*Data shown*:
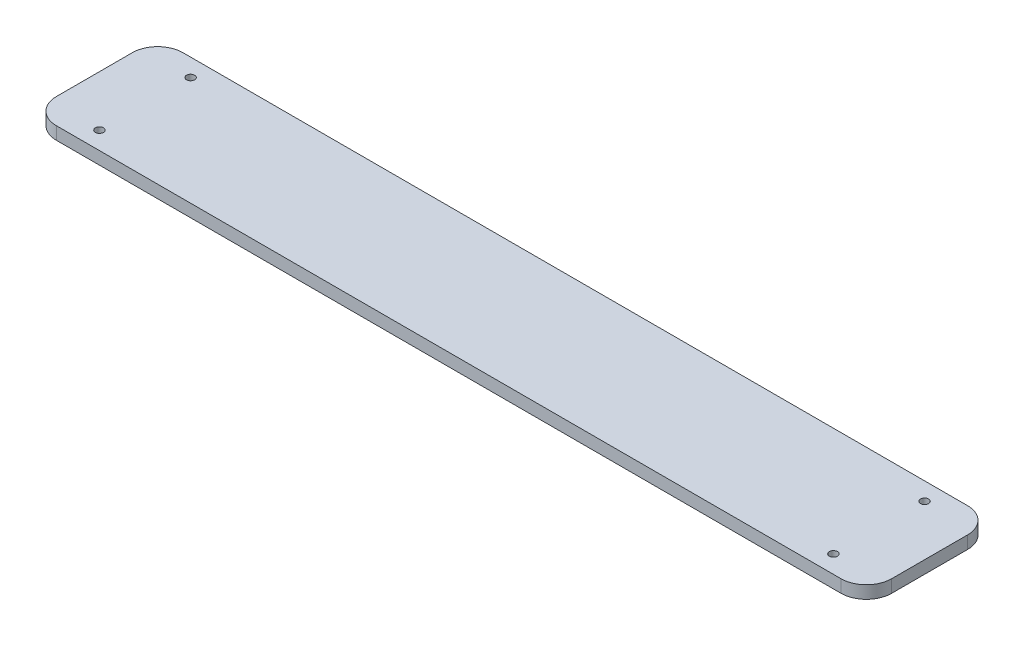
ISO-10303-21;
HEADER;
FILE_DESCRIPTION(('STEP AP214'),'2;1');
FILE_NAME('part.step','',(''),(''),'','','');
FILE_SCHEMA(('AUTOMOTIVE_DESIGN { 1 0 10303 214 1 1 1 1 }'));
ENDSEC;
DATA;
#1=APPLICATION_CONTEXT('core data for automotive mechanical design processes');
#2=APPLICATION_PROTOCOL_DEFINITION('international standard','automotive_design',2000,#1);
#3=PRODUCT_CONTEXT('',#1,'mechanical');
#4=PRODUCT('Part','Part','',(#3));
#5=PRODUCT_RELATED_PRODUCT_CATEGORY('part','',(#4));
#6=PRODUCT_DEFINITION_FORMATION('','',#4);
#7=PRODUCT_DEFINITION_CONTEXT('part definition',#1,'design');
#8=PRODUCT_DEFINITION('design','',#6,#7);
#9=PRODUCT_DEFINITION_SHAPE('','',#8);
#10=(LENGTH_UNIT() NAMED_UNIT(*) SI_UNIT(.MILLI.,.METRE.));
#11=(NAMED_UNIT(*) PLANE_ANGLE_UNIT() SI_UNIT($,.RADIAN.));
#12=(NAMED_UNIT(*) SI_UNIT($,.STERADIAN.) SOLID_ANGLE_UNIT());
#13=UNCERTAINTY_MEASURE_WITH_UNIT(LENGTH_MEASURE(1.E-05),#10,'distance_accuracy_value','');
#14=(GEOMETRIC_REPRESENTATION_CONTEXT(3) GLOBAL_UNCERTAINTY_ASSIGNED_CONTEXT((#13)) GLOBAL_UNIT_ASSIGNED_CONTEXT((#10,
#11,#12)) REPRESENTATION_CONTEXT('',''));
#15=CARTESIAN_POINT('',(0.,0.,0.));
#16=DIRECTION('',(0.,0.,1.));
#17=DIRECTION('',(1.,0.,0.));
#18=AXIS2_PLACEMENT_3D('',#15,#16,#17);
#19=CARTESIAN_POINT('',(0.,5.,0.));
#20=DIRECTION('',(0.,-1.,0.));
#21=DIRECTION('',(0.,0.,-1.));
#22=AXIS2_PLACEMENT_3D('',#19,#20,#21);
#23=PLANE('',#22);
#24=DIRECTION('',(1.,0.,0.));
#25=VECTOR('',#24,1.);
#26=CARTESIAN_POINT('',(0.,5.,0.));
#27=LINE('',#26,#25);
#28=CARTESIAN_POINT('',(10.,5.,0.));
#29=VERTEX_POINT('',#28);
#30=CARTESIAN_POINT('',(320.,5.,0.));
#31=VERTEX_POINT('',#30);
#32=EDGE_CURVE('E204',#29,#31,#27,.T.);
#33=ORIENTED_EDGE('',*,*,#32,.T.);
#34=CARTESIAN_POINT('',(320.,5.,-10.));
#35=DIRECTION('',(0.,-1.,0.));
#36=DIRECTION('',(0.,0.,-1.));
#37=AXIS2_PLACEMENT_3D('',#34,#35,#36);
#38=CIRCLE('',#37,10.);
#39=CARTESIAN_POINT('',(330.,5.,-10.));
#40=VERTEX_POINT('',#39);
#41=EDGE_CURVE('E173',#31,#40,#38,.F.);
#42=ORIENTED_EDGE('',*,*,#41,.T.);
#43=DIRECTION('',(0.,0.,-1.));
#44=VECTOR('',#43,1.);
#45=CARTESIAN_POINT('',(330.,5.,0.));
#46=LINE('',#45,#44);
#47=CARTESIAN_POINT('',(330.,5.,-40.));
#48=VERTEX_POINT('',#47);
#49=EDGE_CURVE('E130',#40,#48,#46,.T.);
#50=ORIENTED_EDGE('',*,*,#49,.T.);
#51=CARTESIAN_POINT('',(320.,5.,-40.));
#52=DIRECTION('',(0.,-1.,0.));
#53=DIRECTION('',(0.,0.,-1.));
#54=AXIS2_PLACEMENT_3D('',#51,#52,#53);
#55=CIRCLE('',#54,10.);
#56=CARTESIAN_POINT('',(320.,5.,-50.));
#57=VERTEX_POINT('',#56);
#58=EDGE_CURVE('E66',#48,#57,#55,.F.);
#59=ORIENTED_EDGE('',*,*,#58,.T.);
#60=DIRECTION('',(-1.,0.,0.));
#61=VECTOR('',#60,1.);
#62=CARTESIAN_POINT('',(0.,5.,-50.));
#63=LINE('',#62,#61);
#64=CARTESIAN_POINT('',(10.,5.,-50.));
#65=VERTEX_POINT('',#64);
#66=EDGE_CURVE('E151',#57,#65,#63,.T.);
#67=ORIENTED_EDGE('',*,*,#66,.T.);
#68=CARTESIAN_POINT('',(10.,5.,-40.));
#69=DIRECTION('',(0.,-1.,0.));
#70=DIRECTION('',(0.,0.,-1.));
#71=AXIS2_PLACEMENT_3D('',#68,#69,#70);
#72=CIRCLE('',#71,10.);
#73=CARTESIAN_POINT('',(0.,5.,-40.));
#74=VERTEX_POINT('',#73);
#75=EDGE_CURVE('E165',#65,#74,#72,.F.);
#76=ORIENTED_EDGE('',*,*,#75,.T.);
#77=DIRECTION('',(0.,0.,1.));
#78=VECTOR('',#77,1.);
#79=CARTESIAN_POINT('',(0.,5.,0.));
#80=LINE('',#79,#78);
#81=CARTESIAN_POINT('',(0.,5.,-10.));
#82=VERTEX_POINT('',#81);
#83=EDGE_CURVE('E144',#74,#82,#80,.T.);
#84=ORIENTED_EDGE('',*,*,#83,.T.);
#85=CARTESIAN_POINT('',(10.,5.,-10.));
#86=DIRECTION('',(0.,-1.,0.));
#87=DIRECTION('',(0.,0.,-1.));
#88=AXIS2_PLACEMENT_3D('',#85,#86,#87);
#89=CIRCLE('',#88,10.);
#90=EDGE_CURVE('E168',#82,#29,#89,.F.);
#91=ORIENTED_EDGE('',*,*,#90,.T.);
#92=EDGE_LOOP('',(#33,#42,#50,#59,#67,#76,#84,#91));
#93=FACE_BOUND('',#92,.T.);
#94=CARTESIAN_POINT('',(20.,5.,-43.));
#95=DIRECTION('',(0.,1.,0.));
#96=DIRECTION('',(0.,0.,1.));
#97=AXIS2_PLACEMENT_3D('',#94,#95,#96);
#98=CIRCLE('',#97,1.6);
#99=CARTESIAN_POINT('',(20.,5.,-41.4));
#100=VERTEX_POINT('',#99);
#101=EDGE_CURVE('E194',#100,#100,#98,.T.);
#102=ORIENTED_EDGE('',*,*,#101,.F.);
#103=EDGE_LOOP('',(#102));
#104=FACE_BOUND('',#103,.T.);
#105=CARTESIAN_POINT('',(20.,5.,-7.));
#106=DIRECTION('',(0.,1.,0.));
#107=DIRECTION('',(0.,0.,1.));
#108=AXIS2_PLACEMENT_3D('',#105,#106,#107);
#109=CIRCLE('',#108,1.6);
#110=CARTESIAN_POINT('',(20.,5.,-5.4));
#111=VERTEX_POINT('',#110);
#112=EDGE_CURVE('E212',#111,#111,#109,.T.);
#113=ORIENTED_EDGE('',*,*,#112,.F.);
#114=EDGE_LOOP('',(#113));
#115=FACE_BOUND('',#114,.T.);
#116=CARTESIAN_POINT('',(310.,5.,-7.));
#117=DIRECTION('',(0.,1.,0.));
#118=DIRECTION('',(0.,0.,-1.));
#119=AXIS2_PLACEMENT_3D('',#116,#117,#118);
#120=CIRCLE('',#119,1.60000000000007);
#121=CARTESIAN_POINT('',(310.,5.,-8.60000000000007));
#122=VERTEX_POINT('',#121);
#123=EDGE_CURVE('E218',#122,#122,#120,.T.);
#124=ORIENTED_EDGE('',*,*,#123,.F.);
#125=EDGE_LOOP('',(#124));
#126=FACE_BOUND('',#125,.T.);
#127=CARTESIAN_POINT('',(310.,5.,-43.));
#128=DIRECTION('',(0.,1.,0.));
#129=DIRECTION('',(0.,0.,-1.));
#130=AXIS2_PLACEMENT_3D('',#127,#128,#129);
#131=CIRCLE('',#130,1.60000000000007);
#132=CARTESIAN_POINT('',(310.,5.,-44.6000000000001));
#133=VERTEX_POINT('',#132);
#134=EDGE_CURVE('E226',#133,#133,#131,.T.);
#135=ORIENTED_EDGE('',*,*,#134,.F.);
#136=EDGE_LOOP('',(#135));
#137=FACE_BOUND('',#136,.T.);
#138=ADVANCED_FACE('F43',(#93,#104,#115,#126,#137),#23,.F.);
#139=CARTESIAN_POINT('',(0.,0.,0.));
#140=DIRECTION('',(0.,-1.,0.));
#141=DIRECTION('',(0.,0.,-1.));
#142=AXIS2_PLACEMENT_3D('',#139,#140,#141);
#143=PLANE('',#142);
#144=CARTESIAN_POINT('',(310.,0.,-7.));
#145=DIRECTION('',(0.,1.,0.));
#146=DIRECTION('',(0.,0.,-1.));
#147=AXIS2_PLACEMENT_3D('',#144,#145,#146);
#148=CIRCLE('',#147,1.60000000000007);
#149=CARTESIAN_POINT('',(310.,0.,-8.60000000000007));
#150=VERTEX_POINT('',#149);
#151=EDGE_CURVE('E222',#150,#150,#148,.T.);
#152=ORIENTED_EDGE('',*,*,#151,.T.);
#153=EDGE_LOOP('',(#152));
#154=FACE_BOUND('',#153,.T.);
#155=CARTESIAN_POINT('',(20.,0.,-43.));
#156=DIRECTION('',(0.,1.,0.));
#157=DIRECTION('',(0.,0.,1.));
#158=AXIS2_PLACEMENT_3D('',#155,#156,#157);
#159=CIRCLE('',#158,1.6);
#160=CARTESIAN_POINT('',(20.,0.,-41.4));
#161=VERTEX_POINT('',#160);
#162=EDGE_CURVE('E197',#161,#161,#159,.T.);
#163=ORIENTED_EDGE('',*,*,#162,.T.);
#164=EDGE_LOOP('',(#163));
#165=FACE_BOUND('',#164,.T.);
#166=DIRECTION('',(0.,0.,-1.));
#167=VECTOR('',#166,1.);
#168=CARTESIAN_POINT('',(330.,0.,0.));
#169=LINE('',#168,#167);
#170=CARTESIAN_POINT('',(330.,0.,-10.));
#171=VERTEX_POINT('',#170);
#172=CARTESIAN_POINT('',(330.,0.,-40.));
#173=VERTEX_POINT('',#172);
#174=EDGE_CURVE('E128',#171,#173,#169,.T.);
#175=ORIENTED_EDGE('',*,*,#174,.F.);
#176=CARTESIAN_POINT('',(320.,0.,-10.));
#177=DIRECTION('',(0.,-1.,0.));
#178=DIRECTION('',(0.,0.,-1.));
#179=AXIS2_PLACEMENT_3D('',#176,#177,#178);
#180=CIRCLE('',#179,10.);
#181=CARTESIAN_POINT('',(320.,0.,0.));
#182=VERTEX_POINT('',#181);
#183=EDGE_CURVE('E110',#171,#182,#180,.T.);
#184=ORIENTED_EDGE('',*,*,#183,.T.);
#185=DIRECTION('',(1.,0.,0.));
#186=VECTOR('',#185,1.);
#187=CARTESIAN_POINT('',(0.,0.,0.));
#188=LINE('',#187,#186);
#189=CARTESIAN_POINT('',(10.,0.,0.));
#190=VERTEX_POINT('',#189);
#191=EDGE_CURVE('E140',#190,#182,#188,.T.);
#192=ORIENTED_EDGE('',*,*,#191,.F.);
#193=CARTESIAN_POINT('',(10.,0.,-10.));
#194=DIRECTION('',(0.,-1.,0.));
#195=DIRECTION('',(0.,0.,-1.));
#196=AXIS2_PLACEMENT_3D('',#193,#194,#195);
#197=CIRCLE('',#196,10.);
#198=CARTESIAN_POINT('',(0.,0.,-10.));
#199=VERTEX_POINT('',#198);
#200=EDGE_CURVE('E155',#190,#199,#197,.T.);
#201=ORIENTED_EDGE('',*,*,#200,.T.);
#202=DIRECTION('',(0.,0.,1.));
#203=VECTOR('',#202,1.);
#204=CARTESIAN_POINT('',(0.,0.,0.));
#205=LINE('',#204,#203);
#206=CARTESIAN_POINT('',(0.,0.,-40.));
#207=VERTEX_POINT('',#206);
#208=EDGE_CURVE('E146',#207,#199,#205,.T.);
#209=ORIENTED_EDGE('',*,*,#208,.F.);
#210=CARTESIAN_POINT('',(10.,0.,-40.));
#211=DIRECTION('',(0.,-1.,0.));
#212=DIRECTION('',(0.,0.,-1.));
#213=AXIS2_PLACEMENT_3D('',#210,#211,#212);
#214=CIRCLE('',#213,10.);
#215=CARTESIAN_POINT('',(10.,0.,-50.));
#216=VERTEX_POINT('',#215);
#217=EDGE_CURVE('E132',#207,#216,#214,.T.);
#218=ORIENTED_EDGE('',*,*,#217,.T.);
#219=DIRECTION('',(-1.,0.,0.));
#220=VECTOR('',#219,1.);
#221=CARTESIAN_POINT('',(0.,0.,-50.));
#222=LINE('',#221,#220);
#223=CARTESIAN_POINT('',(320.,0.,-50.));
#224=VERTEX_POINT('',#223);
#225=EDGE_CURVE('E139',#224,#216,#222,.T.);
#226=ORIENTED_EDGE('',*,*,#225,.F.);
#227=CARTESIAN_POINT('',(320.,0.,-40.));
#228=DIRECTION('',(0.,-1.,0.));
#229=DIRECTION('',(0.,0.,-1.));
#230=AXIS2_PLACEMENT_3D('',#227,#228,#229);
#231=CIRCLE('',#230,10.);
#232=EDGE_CURVE('E122',#224,#173,#231,.T.);
#233=ORIENTED_EDGE('',*,*,#232,.T.);
#234=EDGE_LOOP('',(#175,#184,#192,#201,#209,#218,#226,#233));
#235=FACE_BOUND('',#234,.T.);
#236=CARTESIAN_POINT('',(20.,0.,-7.));
#237=DIRECTION('',(0.,1.,0.));
#238=DIRECTION('',(0.,0.,1.));
#239=AXIS2_PLACEMENT_3D('',#236,#237,#238);
#240=CIRCLE('',#239,1.6);
#241=CARTESIAN_POINT('',(20.,0.,-5.4));
#242=VERTEX_POINT('',#241);
#243=EDGE_CURVE('E214',#242,#242,#240,.T.);
#244=ORIENTED_EDGE('',*,*,#243,.T.);
#245=EDGE_LOOP('',(#244));
#246=FACE_BOUND('',#245,.T.);
#247=CARTESIAN_POINT('',(310.,0.,-43.));
#248=DIRECTION('',(0.,1.,0.));
#249=DIRECTION('',(0.,0.,-1.));
#250=AXIS2_PLACEMENT_3D('',#247,#248,#249);
#251=CIRCLE('',#250,1.60000000000007);
#252=CARTESIAN_POINT('',(310.,0.,-44.6000000000001));
#253=VERTEX_POINT('',#252);
#254=EDGE_CURVE('E230',#253,#253,#251,.T.);
#255=ORIENTED_EDGE('',*,*,#254,.T.);
#256=EDGE_LOOP('',(#255));
#257=FACE_BOUND('',#256,.T.);
#258=ADVANCED_FACE('F135',(#154,#165,#235,#246,#257),#143,.T.);
#259=CARTESIAN_POINT('',(0.,5.,0.));
#260=DIRECTION('',(1.,0.,0.));
#261=DIRECTION('',(0.,0.,-1.));
#262=AXIS2_PLACEMENT_3D('',#259,#260,#261);
#263=PLANE('',#262);
#264=ORIENTED_EDGE('',*,*,#208,.T.);
#265=DIRECTION('',(0.,-1.,0.));
#266=VECTOR('',#265,1.);
#267=CARTESIAN_POINT('',(0.,5.,-10.));
#268=LINE('',#267,#266);
#269=EDGE_CURVE('E11',#199,#82,#268,.F.);
#270=ORIENTED_EDGE('',*,*,#269,.T.);
#271=ORIENTED_EDGE('',*,*,#83,.F.);
#272=DIRECTION('',(0.,-1.,0.));
#273=VECTOR('',#272,1.);
#274=CARTESIAN_POINT('',(0.,5.,-40.));
#275=LINE('',#274,#273);
#276=EDGE_CURVE('E52',#74,#207,#275,.T.);
#277=ORIENTED_EDGE('',*,*,#276,.T.);
#278=EDGE_LOOP('',(#264,#270,#271,#277));
#279=FACE_BOUND('',#278,.T.);
#280=ADVANCED_FACE('F188',(#279),#263,.F.);
#281=CARTESIAN_POINT('',(0.,5.,0.));
#282=DIRECTION('',(0.,0.,-1.));
#283=DIRECTION('',(-1.,0.,0.));
#284=AXIS2_PLACEMENT_3D('',#281,#282,#283);
#285=PLANE('',#284);
#286=ORIENTED_EDGE('',*,*,#191,.T.);
#287=DIRECTION('',(0.,-1.,0.));
#288=VECTOR('',#287,1.);
#289=CARTESIAN_POINT('',(320.,5.,0.));
#290=LINE('',#289,#288);
#291=EDGE_CURVE('E115',#182,#31,#290,.F.);
#292=ORIENTED_EDGE('',*,*,#291,.T.);
#293=ORIENTED_EDGE('',*,*,#32,.F.);
#294=DIRECTION('',(0.,-1.,0.));
#295=VECTOR('',#294,1.);
#296=CARTESIAN_POINT('',(10.,5.,0.));
#297=LINE('',#296,#295);
#298=EDGE_CURVE('E121',#29,#190,#297,.T.);
#299=ORIENTED_EDGE('',*,*,#298,.T.);
#300=EDGE_LOOP('',(#286,#292,#293,#299));
#301=FACE_BOUND('',#300,.T.);
#302=ADVANCED_FACE('F258',(#301),#285,.F.);
#303=CARTESIAN_POINT('',(330.,5.,0.));
#304=DIRECTION('',(-1.,0.,0.));
#305=DIRECTION('',(0.,0.,1.));
#306=AXIS2_PLACEMENT_3D('',#303,#304,#305);
#307=PLANE('',#306);
#308=ORIENTED_EDGE('',*,*,#49,.F.);
#309=DIRECTION('',(0.,-1.,0.));
#310=VECTOR('',#309,1.);
#311=CARTESIAN_POINT('',(330.,5.,-10.));
#312=LINE('',#311,#310);
#313=EDGE_CURVE('E114',#40,#171,#312,.T.);
#314=ORIENTED_EDGE('',*,*,#313,.T.);
#315=ORIENTED_EDGE('',*,*,#174,.T.);
#316=DIRECTION('',(0.,-1.,0.));
#317=VECTOR('',#316,1.);
#318=CARTESIAN_POINT('',(330.,5.,-40.));
#319=LINE('',#318,#317);
#320=EDGE_CURVE('E133',#173,#48,#319,.F.);
#321=ORIENTED_EDGE('',*,*,#320,.T.);
#322=EDGE_LOOP('',(#308,#314,#315,#321));
#323=FACE_BOUND('',#322,.T.);
#324=ADVANCED_FACE('F127',(#323),#307,.F.);
#325=CARTESIAN_POINT('',(0.,5.,-50.));
#326=DIRECTION('',(0.,0.,1.));
#327=DIRECTION('',(1.,0.,0.));
#328=AXIS2_PLACEMENT_3D('',#325,#326,#327);
#329=PLANE('',#328);
#330=ORIENTED_EDGE('',*,*,#66,.F.);
#331=DIRECTION('',(0.,-1.,0.));
#332=VECTOR('',#331,1.);
#333=CARTESIAN_POINT('',(320.,5.,-50.));
#334=LINE('',#333,#332);
#335=EDGE_CURVE('E178',#57,#224,#334,.T.);
#336=ORIENTED_EDGE('',*,*,#335,.T.);
#337=ORIENTED_EDGE('',*,*,#225,.T.);
#338=DIRECTION('',(0.,-1.,0.));
#339=VECTOR('',#338,1.);
#340=CARTESIAN_POINT('',(10.,5.,-50.));
#341=LINE('',#340,#339);
#342=EDGE_CURVE('E59',#216,#65,#341,.F.);
#343=ORIENTED_EDGE('',*,*,#342,.T.);
#344=EDGE_LOOP('',(#330,#336,#337,#343));
#345=FACE_BOUND('',#344,.T.);
#346=ADVANCED_FACE('F253',(#345),#329,.F.);
#347=CARTESIAN_POINT('',(20.,5.,-43.));
#348=DIRECTION('',(0.,-1.,0.));
#349=DIRECTION('',(0.,0.,-1.));
#350=AXIS2_PLACEMENT_3D('',#347,#348,#349);
#351=CYLINDRICAL_SURFACE('',#350,1.6);
#352=ORIENTED_EDGE('',*,*,#101,.T.);
#353=EDGE_LOOP('',(#352));
#354=FACE_BOUND('',#353,.T.);
#355=ORIENTED_EDGE('',*,*,#162,.F.);
#356=EDGE_LOOP('',(#355));
#357=FACE_BOUND('',#356,.T.);
#358=ADVANCED_FACE('F250',(#354,#357),#351,.F.);
#359=CARTESIAN_POINT('',(20.,5.,-7.));
#360=DIRECTION('',(0.,-1.,0.));
#361=DIRECTION('',(0.,0.,-1.));
#362=AXIS2_PLACEMENT_3D('',#359,#360,#361);
#363=CYLINDRICAL_SURFACE('',#362,1.6);
#364=ORIENTED_EDGE('',*,*,#112,.T.);
#365=EDGE_LOOP('',(#364));
#366=FACE_BOUND('',#365,.T.);
#367=ORIENTED_EDGE('',*,*,#243,.F.);
#368=EDGE_LOOP('',(#367));
#369=FACE_BOUND('',#368,.T.);
#370=ADVANCED_FACE('F362',(#366,#369),#363,.F.);
#371=CARTESIAN_POINT('',(310.,5.,-7.));
#372=DIRECTION('',(0.,-1.,0.));
#373=DIRECTION('',(0.,0.,-1.));
#374=AXIS2_PLACEMENT_3D('',#371,#372,#373);
#375=CYLINDRICAL_SURFACE('',#374,1.60000000000007);
#376=ORIENTED_EDGE('',*,*,#123,.T.);
#377=EDGE_LOOP('',(#376));
#378=FACE_BOUND('',#377,.T.);
#379=ORIENTED_EDGE('',*,*,#151,.F.);
#380=EDGE_LOOP('',(#379));
#381=FACE_BOUND('',#380,.T.);
#382=ADVANCED_FACE('F352',(#378,#381),#375,.F.);
#383=CARTESIAN_POINT('',(310.,5.,-43.));
#384=DIRECTION('',(0.,-1.,0.));
#385=DIRECTION('',(0.,0.,-1.));
#386=AXIS2_PLACEMENT_3D('',#383,#384,#385);
#387=CYLINDRICAL_SURFACE('',#386,1.60000000000007);
#388=ORIENTED_EDGE('',*,*,#134,.T.);
#389=EDGE_LOOP('',(#388));
#390=FACE_BOUND('',#389,.T.);
#391=ORIENTED_EDGE('',*,*,#254,.F.);
#392=EDGE_LOOP('',(#391));
#393=FACE_BOUND('',#392,.T.);
#394=ADVANCED_FACE('F238',(#390,#393),#387,.F.);
#395=CARTESIAN_POINT('',(320.,5.,-10.));
#396=DIRECTION('',(0.,-1.,0.));
#397=DIRECTION('',(0.,0.,-1.));
#398=AXIS2_PLACEMENT_3D('',#395,#396,#397);
#399=CYLINDRICAL_SURFACE('',#398,10.);
#400=ORIENTED_EDGE('',*,*,#41,.F.);
#401=ORIENTED_EDGE('',*,*,#291,.F.);
#402=ORIENTED_EDGE('',*,*,#183,.F.);
#403=ORIENTED_EDGE('',*,*,#313,.F.);
#404=EDGE_LOOP('',(#400,#401,#402,#403));
#405=FACE_BOUND('',#404,.T.);
#406=ADVANCED_FACE('F113',(#405),#399,.T.);
#407=CARTESIAN_POINT('',(320.,5.,-40.));
#408=DIRECTION('',(0.,-1.,0.));
#409=DIRECTION('',(0.,0.,-1.));
#410=AXIS2_PLACEMENT_3D('',#407,#408,#409);
#411=CYLINDRICAL_SURFACE('',#410,10.);
#412=ORIENTED_EDGE('',*,*,#58,.F.);
#413=ORIENTED_EDGE('',*,*,#320,.F.);
#414=ORIENTED_EDGE('',*,*,#232,.F.);
#415=ORIENTED_EDGE('',*,*,#335,.F.);
#416=EDGE_LOOP('',(#412,#413,#414,#415));
#417=FACE_BOUND('',#416,.T.);
#418=ADVANCED_FACE('F266',(#417),#411,.T.);
#419=CARTESIAN_POINT('',(10.,5.,-10.));
#420=DIRECTION('',(0.,-1.,0.));
#421=DIRECTION('',(0.,0.,-1.));
#422=AXIS2_PLACEMENT_3D('',#419,#420,#421);
#423=CYLINDRICAL_SURFACE('',#422,10.);
#424=ORIENTED_EDGE('',*,*,#90,.F.);
#425=ORIENTED_EDGE('',*,*,#269,.F.);
#426=ORIENTED_EDGE('',*,*,#200,.F.);
#427=ORIENTED_EDGE('',*,*,#298,.F.);
#428=EDGE_LOOP('',(#424,#425,#426,#427));
#429=FACE_BOUND('',#428,.T.);
#430=ADVANCED_FACE('F268',(#429),#423,.T.);
#431=CARTESIAN_POINT('',(10.,5.,-40.));
#432=DIRECTION('',(0.,-1.,0.));
#433=DIRECTION('',(0.,0.,-1.));
#434=AXIS2_PLACEMENT_3D('',#431,#432,#433);
#435=CYLINDRICAL_SURFACE('',#434,10.);
#436=ORIENTED_EDGE('',*,*,#75,.F.);
#437=ORIENTED_EDGE('',*,*,#342,.F.);
#438=ORIENTED_EDGE('',*,*,#217,.F.);
#439=ORIENTED_EDGE('',*,*,#276,.F.);
#440=EDGE_LOOP('',(#436,#437,#438,#439));
#441=FACE_BOUND('',#440,.T.);
#442=ADVANCED_FACE('F45',(#441),#435,.T.);
#443=CLOSED_SHELL('',(#138,#258,#280,#302,#324,#346,#358,#370,#382,#394,#406,#418,#430,#442));
#444=MANIFOLD_SOLID_BREP('B2',#443);
#445=ADVANCED_BREP_SHAPE_REPRESENTATION('',(#18,#444),#14);
#446=SHAPE_DEFINITION_REPRESENTATION(#9,#445);
ENDSEC;
END-ISO-10303-21;

*Problem requirements*:
Restate word for word the entries above, starting at the line with "#4=PRODUCT('Part','Part','',(#3));" and ending at the line with "#41=EDGE_CURVE('E173',#31,#40,#38,.F.);", inclusive, and no others.

*Response to the exercise*:
#4=PRODUCT('Part','Part','',(#3));
#5=PRODUCT_RELATED_PRODUCT_CATEGORY('part','',(#4));
#6=PRODUCT_DEFINITION_FORMATION('','',#4);
#7=PRODUCT_DEFINITION_CONTEXT('part definition',#1,'design');
#8=PRODUCT_DEFINITION('design','',#6,#7);
#9=PRODUCT_DEFINITION_SHAPE('','',#8);
#10=(LENGTH_UNIT() NAMED_UNIT(*) SI_UNIT(.MILLI.,.METRE.));
#11=(NAMED_UNIT(*) PLANE_ANGLE_UNIT() SI_UNIT($,.RADIAN.));
#12=(NAMED_UNIT(*) SI_UNIT($,.STERADIAN.) SOLID_ANGLE_UNIT());
#13=UNCERTAINTY_MEASURE_WITH_UNIT(LENGTH_MEASURE(1.E-05),#10,'distance_accuracy_value','');
#14=(GEOMETRIC_REPRESENTATION_CONTEXT(3) GLOBAL_UNCERTAINTY_ASSIGNED_CONTEXT((#13)) GLOBAL_UNIT_ASSIGNED_CONTEXT((#10,
#11,#12)) REPRESENTATION_CONTEXT('',''));
#15=CARTESIAN_POINT('',(0.,0.,0.));
#16=DIRECTION('',(0.,0.,1.));
#17=DIRECTION('',(1.,0.,0.));
#18=AXIS2_PLACEMENT_3D('',#15,#16,#17);
#19=CARTESIAN_POINT('',(0.,5.,0.));
#20=DIRECTION('',(0.,-1.,0.));
#21=DIRECTION('',(0.,0.,-1.));
#22=AXIS2_PLACEMENT_3D('',#19,#20,#21);
#23=PLANE('',#22);
#24=DIRECTION('',(1.,0.,0.));
#25=VECTOR('',#24,1.);
#26=CARTESIAN_POINT('',(0.,5.,0.));
#27=LINE('',#26,#25);
#28=CARTESIAN_POINT('',(10.,5.,0.));
#29=VERTEX_POINT('',#28);
#30=CARTESIAN_POINT('',(320.,5.,0.));
#31=VERTEX_POINT('',#30);
#32=EDGE_CURVE('E204',#29,#31,#27,.T.);
#33=ORIENTED_EDGE('',*,*,#32,.T.);
#34=CARTESIAN_POINT('',(320.,5.,-10.));
#35=DIRECTION('',(0.,-1.,0.));
#36=DIRECTION('',(0.,0.,-1.));
#37=AXIS2_PLACEMENT_3D('',#34,#35,#36);
#38=CIRCLE('',#37,10.);
#39=CARTESIAN_POINT('',(330.,5.,-10.));
#40=VERTEX_POINT('',#39);
#41=EDGE_CURVE('E173',#31,#40,#38,.F.);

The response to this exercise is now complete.